For Revolution Analytics, many of its largest customers in finance and retail began asking for the ability to use analytics programming language R with Hadoop. Fortunately for the company, one developer had been building this exact piece of software for over a year. RHIPE is that project, and at Hadoop World in New York, Revolution Analytics was on hand to state that they hired the man behind RHIPE.

Saptarshi Guha is now a consultant at Revolution Analytics, and he said that the RHIPE project is already quite usable, though it is only at version 0.63.

“I actually started developing RHIPE in the last few years of my Ph.D.,” he said. “A lot of my colleagues had data sets that were getting increasingly bigger. They were hard-pressed to compute with this data across the cluster. I saw Hadoop and I saw R, which all data managers need to use, and the two were disjointed.”

Thus, he began working on RHIPE. Guha said that his first goal was to give R users access to the same functionality and capabilities that Java developers had in Hadoop. He said that this goal is now mostly met by the project, so he has made it available for free.

When asked why he felt that R was a good match with Hadoop, Guha said: “R has about 2,700 packages that bring every possible statistical algorithm and tool to the user. To apply algorithms to different subsets of data, there’s no other language choice but R. The idea is to push R to the computing back end, rather than send the data to R.”

To that end, RHIPE takes the form of a single R package that must then be installed on each Hadoop node. Once it’s up and running, Guha said it will provide two types of workflows for developers.

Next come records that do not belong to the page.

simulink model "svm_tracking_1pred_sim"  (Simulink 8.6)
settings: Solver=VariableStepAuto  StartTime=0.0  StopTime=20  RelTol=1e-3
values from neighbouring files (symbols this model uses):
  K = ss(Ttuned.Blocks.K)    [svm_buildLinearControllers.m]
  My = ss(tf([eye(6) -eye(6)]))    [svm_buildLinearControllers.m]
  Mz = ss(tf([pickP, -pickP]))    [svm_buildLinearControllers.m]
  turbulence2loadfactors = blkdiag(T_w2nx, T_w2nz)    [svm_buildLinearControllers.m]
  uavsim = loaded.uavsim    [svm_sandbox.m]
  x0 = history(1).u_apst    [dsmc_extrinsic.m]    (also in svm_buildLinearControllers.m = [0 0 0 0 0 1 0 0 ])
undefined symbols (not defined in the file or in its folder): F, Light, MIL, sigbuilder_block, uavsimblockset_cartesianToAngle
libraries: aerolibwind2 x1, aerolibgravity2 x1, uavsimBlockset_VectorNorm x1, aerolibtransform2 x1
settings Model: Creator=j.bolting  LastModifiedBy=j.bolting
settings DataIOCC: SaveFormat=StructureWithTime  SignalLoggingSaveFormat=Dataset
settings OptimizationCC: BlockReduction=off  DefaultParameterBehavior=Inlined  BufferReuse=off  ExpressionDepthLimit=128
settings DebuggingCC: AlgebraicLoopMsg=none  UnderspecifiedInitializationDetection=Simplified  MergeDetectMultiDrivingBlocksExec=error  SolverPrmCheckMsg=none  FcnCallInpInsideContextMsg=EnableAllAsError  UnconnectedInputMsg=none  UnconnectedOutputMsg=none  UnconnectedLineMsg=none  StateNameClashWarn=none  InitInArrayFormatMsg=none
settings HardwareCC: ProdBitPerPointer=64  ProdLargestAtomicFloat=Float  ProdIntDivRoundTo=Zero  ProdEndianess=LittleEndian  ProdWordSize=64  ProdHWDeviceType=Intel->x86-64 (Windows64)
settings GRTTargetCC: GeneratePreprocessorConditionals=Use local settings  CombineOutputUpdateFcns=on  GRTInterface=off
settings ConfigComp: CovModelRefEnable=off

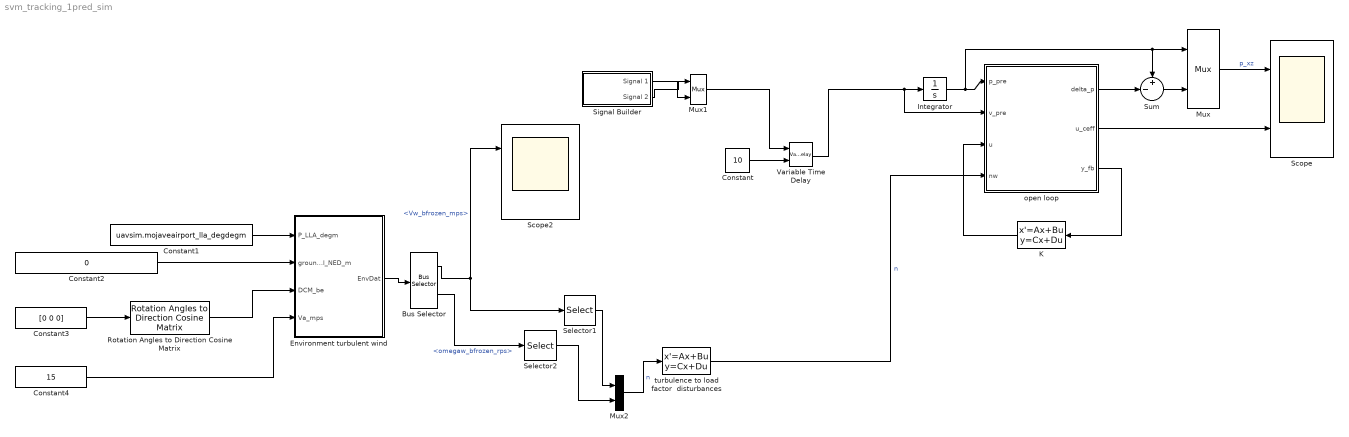
== system svm_tracking_1pred_sim ==
  Bus Selector : BusSelector  OutputSignals=Vw_bfrozen_mps,omegaw_bfrozen_rps
  Constant : Constant  Value=10
  Constant1 : Constant  Value=uavsim.mojaveairport_lla_degdegm
  Constant2 : Constant  Value=0
  Constant3 : Constant  Value=[0 0 0]
  Constant4 : Constant  Value=15
  Environment turbulent wind : Subsystem  AncestorBlock=uavsimBlockset_Environment_turbulentWind/Environment turbulent wind  mask{mask_constantwind_NED_mps=[5 0 0], mask_wingspan=uavsim.cularis.b, mask_windON=0, mask_turbulenceON=1}
      mask prompts: mask_constantwind_NED_mps "Ambient, i.e. constant wind vector [m/s], NED frame"; mask_wingspan "Aircraft wingspan"; mask_windON "Ambient wind ON?"; mask_turbulenceON "Turbulence ON?"
  Integrator : Integrator
  K : StateSpace  A=K.a  B=K.b  C=K.c  D=K.d  X0=0
  Mux : Mux  Inputs=2
  Mux1 : Mux  Inputs=2
  Mux2 : Mux  Inputs=2
  Rotation Angles to Direction Cosine Matrix : aerolibtransform2/Rotation Angles to Direction Cosine Matrix  rotationOrder=ZYX
  Scope : Scope  NumInputPorts=2
  Scope2 : Scope  NumInputPorts=2
  Selector1 : Selector  InputPortWidth=3  IndexOptions=Index vector (dialog)  Indices=[1 3]  OutputSizes=1
  Selector2 : Selector  InputPortWidth=3  IndexOptions=Index vector (dialog)  Indices=2  OutputSizes=1
  Signal Builder : Subsystem  Tag=STV Subsys  LoadFcn=sigbuilder_block('load');  StartFcn=sigbuilder_block('start');  StopFcn=sigbuilder_block('stop');  ClipboardFcn=sigbuilder_block('clipboard');  mask(Sigbuilder block){}
      mask help: Simulink:masks:SigbuilderBlock_MD
      mask init:
      | if ~strcmp(get_param(bdroot(gcbh),'SimulationStatus'),'stopped') tuvar = sigbuilder_block('maskInit'); end
      settings: CopyFcn=sigbuilder_block('copy');  DeleteFcn=sigbuilder_block('delete');  ModelCloseFcn=sigbuilder_block('modelClose');  PreSaveFcn=sigbuilder_block('preSave');  PauseFcn=sigbuilder_block('pause');  ContinueFcn=sigbuilder_block('continue');  NameChangeFcn=sigbuilder_block('namechange');  OpenFcn=sigbuilder_block('open',[437.6 199.2 550.4 400 ]);  CloseFcn=sigbuilder_block('close');
      mask Display: plot(0, 0, 100, 100,[2, 2, 32, 32, 2], [68, 8, 8, 68, 68],[32, 2], [38, 38], [32, 19, 2],[53, 60, 44], [32, 17, 17, 2],[16, 16, 31, 31]);txt = getActiveGroup(gcbh);text(2, 100, txt,'verticalAlignment', 'top');
  Sum : Sum  Inputs=+-|
  Variable Time Delay : VariableTransportDelay  MaximumDelay=1e3
  open loop : Subsystem
  turbulence to load factor  disturbances : StateSpace  A=turbulence2loadfactors.a  B=turbulence2loadfactors.b  C=turbulence2loadfactors.c  D=turbulence2loadfactors.d  X0=0
  wires:
  open loop/3(y_fb) -> K/1
  K/1 -> open loop/3(u)
  open loop/1(delta_p) -> Sum/2
  Sum/1 -> Mux/2
  Variable Time Delay/1 -> Integrator/1, open loop/2(v_pre)
  Mux/1 -> Scope/1  "p_xz"
  open loop/2(u_ceff) -> Scope/2
  Integrator/1 -> Sum/1, Mux/1, open loop/1(p_pre)
  Signal Builder/1(Signal 1) -> Mux1/2
  Signal Builder/2(Signal 2) -> Mux1/1
  Constant/1 -> Variable Time Delay/2
  Mux1/1 -> Variable Time Delay/1
  Environment turbulent wind/1(EnvDat) -> Bus Selector/1
  Bus Selector/1 -> Selector1/1, Scope2/1  "<Vw_bfrozen_mps>"
  Constant1/1 -> Environment turbulent wind/1(P_LLA_degm)
  Constant2/1 -> Environment turbulent wind/2(groundlevel_NED_m)
  Rotation Angles to Direction Cosine Matrix/1 -> Environment turbulent wind/3(DCM_be)
  Constant3/1 -> Rotation Angles to Direction Cosine Matrix/1
  Constant4/1 -> Environment turbulent wind/4(Va_mps)
  Bus Selector/2 -> Selector2/1  "<omegaw_bfrozen_rps>"
  Selector1/1 -> Mux2/1
  Selector2/1 -> Mux2/2
  Mux2/1 -> turbulence to load factor  disturbances/1  "n"
  turbulence to load factor  disturbances/1 -> open loop/4(nw)  "n"

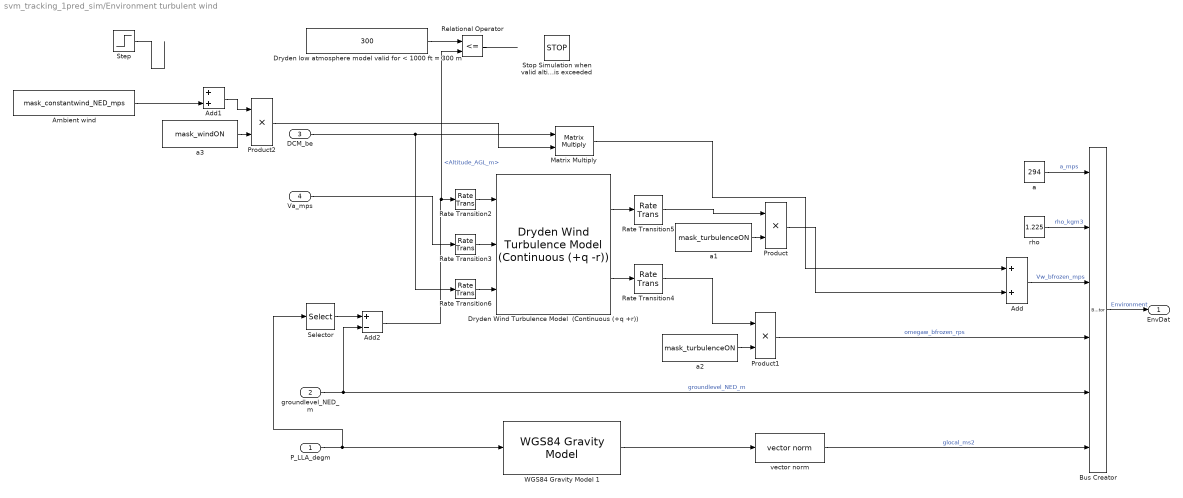
== system svm_tracking_1pred_sim/Environment turbulent wind ==
  P_LLA_degm : Inport
  groundlevel_NED_m : Inport  Port=2
  DCM_be : Inport  Port=3
  Va_mps : Inport  Port=4
  Add : Sum
  Add1 : Sum
  Add2 : Sum  Inputs=+-
  Ambient wind : Constant  Value=mask_constantwind_NED_mps
  Bus Creator : BusCreator  Inputs=6  OutDataTypeStr=Bus: Environment  NonVirtualBus=on
  Dryden Wind Turbulence Model  (Continuous (+q +r)) : aerolibwind2/Dryden Wind Turbulence Model  (Continuous (+q -r))  units=Metric (MKS)  spec=MIL-F-8785C  model=Discrete Dryden (+q -r)  W20=norm(mask_constantwind_NED_mps)  Wdeg=rad2deg(uavsimblockset_cartesianToAngle(mask_constantwind_NED_mps(1), mask_constantwind_NED_mps(2)))  TurbProb=10^-2 - Light  L_high=533.4  Wingspan=mask_wingspan  ts=0.1  Seed=randi(2^6, [1 4])  T_on=on
  Dryden low atmosphere model valid for < 1000 ft = 300 m : Constant  Value=300
  Matrix Multiply : Product  Multiplication=Matrix(*)
  Product : Product  RndMeth=Zero
  Product1 : Product  RndMeth=Zero
  Product2 : Product  RndMeth=Zero
  Rate Transition2 : RateTransition  OutPortSampleTime=0.1
  Rate Transition3 : RateTransition  OutPortSampleTime=0.1
  Rate Transition4 : RateTransition  OutPortSampleTime=0
  Rate Transition5 : RateTransition  OutPortSampleTime=0
  Rate Transition6 : RateTransition  OutPortSampleTime=0.1
  Relational Operator : RelationalOperator  Operator=<=  OutDataTypeStr=boolean
  Selector : Selector  InputPortWidth=3  IndexOptions=Index vector (dialog)  Indices=3  OutputSizes=1
  Step : Step  Time=10  After=[0 0 1]  SampleTime=0
  Stop Simulation when valid altitude is exceeded : Stop
  WGS84 Gravity Model 1 : aerolibgravity2/WGS84 Gravity Model   model=WGS84 Taylor Series  units=Metric (MKS)  no_atmos=on  precessing=on  jd_loc=off  month=October  day=10  year=2004  no_centrifugal=on  action=Warning
  a : Constant  Value=294
  a1 : Constant  Value=mask_turbulenceON
  a2 : Constant  Value=mask_turbulenceON
  a3 : Constant  Value=mask_windON
  "rho " : Constant  Value=1.225
  vector norm : uavsimBlockset_VectorNorm/vector norm
  EnvDat : Outport  OutDataTypeStr=Bus: Environment
  wires:
  Step/1 -> ?
  Add1/1 -> Product2/1
  Product2/1 -> Matrix Multiply/2
  a3/1 -> Product2/2
  Relational Operator/1 -> ?
  Dryden low atmosphere model valid for < 1000 ft = 300 m/1 -> Relational Operator/1
  Product1/1 -> Bus Creator/4  "omegaw_bfrozen_rps"
  a2/1 -> Product1/2
  a1/1 -> Product/2
  Product/1 -> Add/2
  Dryden Wind Turbulence Model  (Continuous (+q +r))/2 -> Rate Transition4/1
  P_LLA_degm/1 -> WGS84 Gravity Model 1/1, Selector/1
  groundlevel_NED_m/1 -> Add2/2, Bus Creator/5  "groundlevel_NED_m"
  WGS84 Gravity Model 1/1 -> vector norm/1
  Bus Creator/1 -> EnvDat/1  "Environment"
  "rho "/1 -> Bus Creator/2  "rho_kgm3"
  a/1 -> Bus Creator/1  "a_mps"
  Add/1 -> Bus Creator/3  "Vw_bfrozen_mps"
  vector norm/1 -> Bus Creator/6  "glocal_ms2"
  Add2/1 -> Rate Transition2/1, Relational Operator/2  "<Altitude_AGL_m>"
  Va_mps/1 -> Rate Transition3/1
  DCM_be/1 -> Matrix Multiply/1, Rate Transition6/1
  Ambient wind/1 -> Add1/2
  Dryden Wind Turbulence Model  (Continuous (+q +r))/1 -> Rate Transition5/1
  Matrix Multiply/1 -> Add/1
  Rate Transition4/1 -> Product1/1
  Rate Transition5/1 -> Product/1
  Selector/1 -> Add2/1
  Rate Transition2/1 -> Dryden Wind Turbulence Model  (Continuous (+q +r))/1
  Rate Transition3/1 -> Dryden Wind Turbulence Model  (Continuous (+q +r))/2
  Rate Transition6/1 -> Dryden Wind Turbulence Model  (Continuous (+q +r))/3

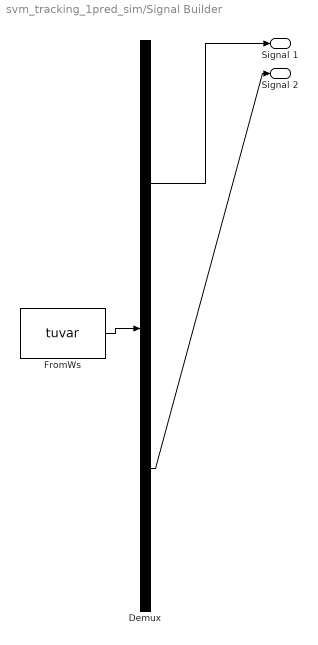
== system svm_tracking_1pred_sim/Signal Builder ==
  Demux : Demux  Tag=STV Demux  Outputs=2
  FromWs : FromWorkspace  Tag=STV FromWs  VariableName=tuvar  SampleTime=0  SigBuilderData=DataTag0  VnvData=DataTag1
      SigBuilderData=|
      | common.afterFinalStr = 'Extrapolate'
      | common.sampleTime = 0
      | dataSet.timeRange = [0 10]
      | dataSet.name = 'Group 1'
      | sbobj.Groups.Name = 'Group 1'
      | sbobj.Groups.Signals(1).Name = 'Signal 1'
      | sbobj.Groups.Signals(1).XData = [0 1.98 1.98 10]
      | sbobj.Groups.Signals(1).YData = [1 1 0 0.01]
      | sbobj.Groups.Signals(2).Name = 'Signal 2'
      | sbobj.Groups.Signals(2).XData = [0 4 6 10]
      | sbobj.Groups.Signals(2).YData = [0 0 0 0]
  Signal 1 : Outport  Tag=STV Outport
  Signal 2 : Outport  Tag=STV Outport  Port=2
  wires:
  Demux/1 -> Signal 1/1
  FromWs/1 -> Demux/1
  Demux/2 -> Signal 2/1

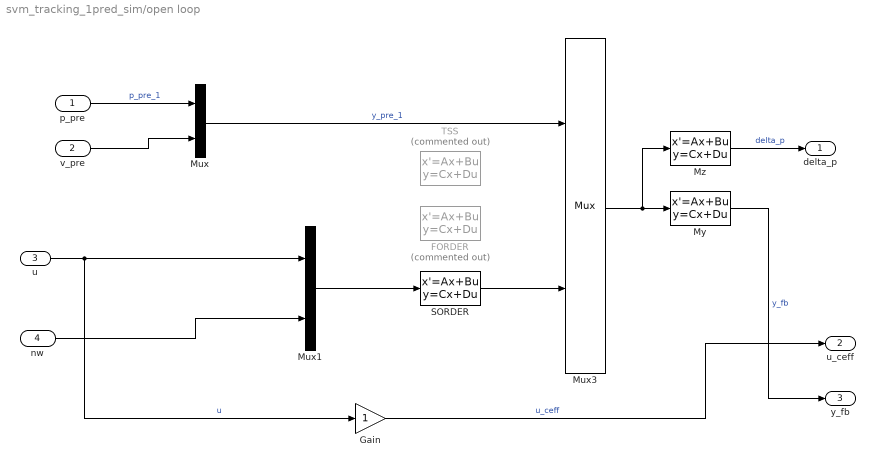
== system svm_tracking_1pred_sim/open loop ==
  p_pre : Inport  PortDimensions=2
  v_pre : Inport  Port=2  PortDimensions=2
  u : Inport  Port=3  PortDimensions=2
  nw : Inport  Port=4  PortDimensions=2
  FORDER : StateSpace  Commented=on  A=uavsim.svm.linearmodels.forder.airspeed_15.a  B=uavsim.svm.linearmodels.forder.airspeed_15.b  C=uavsim.svm.linearmodels.forder.airspeed_15.c  D=uavsim.svm.linearmodels.forder.airspeed_15.d  X0=0
  Gain : Gain
  Mux : Mux  Inputs=2
  Mux1 : Mux  Inputs=2
  Mux3 : Mux  Inputs=2
  My : StateSpace  A=My.a  B=My.b  C=My.c  D=My.d  X0=0
  Mz : StateSpace  A=Mz.a  B=Mz.b  C=Mz.c  D=Mz.d  X0=0
  SORDER : StateSpace  A=uavsim.svm.linearmodels.sorder_longi.airspeed_15.a  B=uavsim.svm.linearmodels.sorder_longi.airspeed_15.b  C=uavsim.svm.linearmodels.sorder_longi.airspeed_15.c  D=uavsim.svm.linearmodels.sorder_longi.airspeed_15.d  X0=x0
  TSS : StateSpace  Commented=on  A=uavsim.svm.linearmodels_tss.airspeed_15.a  B=uavsim.svm.linearmodels_tss.airspeed_15.b  C=uavsim.svm.linearmodels_tss.airspeed_15.c  D=uavsim.svm.linearmodels_tss.airspeed_15.d  X0=0
  delta_p : Outport
  u_ceff : Outport  Port=2
  y_fb : Outport  Port=3
  wires:
  v_pre/1 -> Mux/2
  p_pre/1 -> Mux/1  "p_pre_1"
  Mux/1 -> Mux3/1  "y_pre_1"
  SORDER/1 -> Mux3/2
  Mux3/1 -> Mz/1, My/1
  Mz/1 -> delta_p/1  "delta_p"
  My/1 -> y_fb/1  "y_fb"
  u/1 -> Gain/1, Mux1/1  "u"
  Mux1/1 -> SORDER/1
  Gain/1 -> u_ceff/1  "u_ceff"
  nw/1 -> Mux1/2

The first allows developers to interact with the Hadoop data using R and a command line-like interface. This allows developers to manipulate the data in near real time, and he said this enables R developers to crank out data visualizations in minutes. The second workflow is similar to the traditional Hadoop workflow: Developers write jobs, upload them to the cluster, then return when the jobs are done.

Mike Minelli, VP of sales at Revolution Analytics, said that Hadoop will now be a focus for R. “[Guha] is now working with us closely. We hired him because Revolution Analytics will be working to basically marry up Hadoop and Scale R, which is a component that makes R scream as far as speed and the ability to handle large sets of data.

“The next generation is to marry those two components, so those computations happen fast in R in Hadoop.”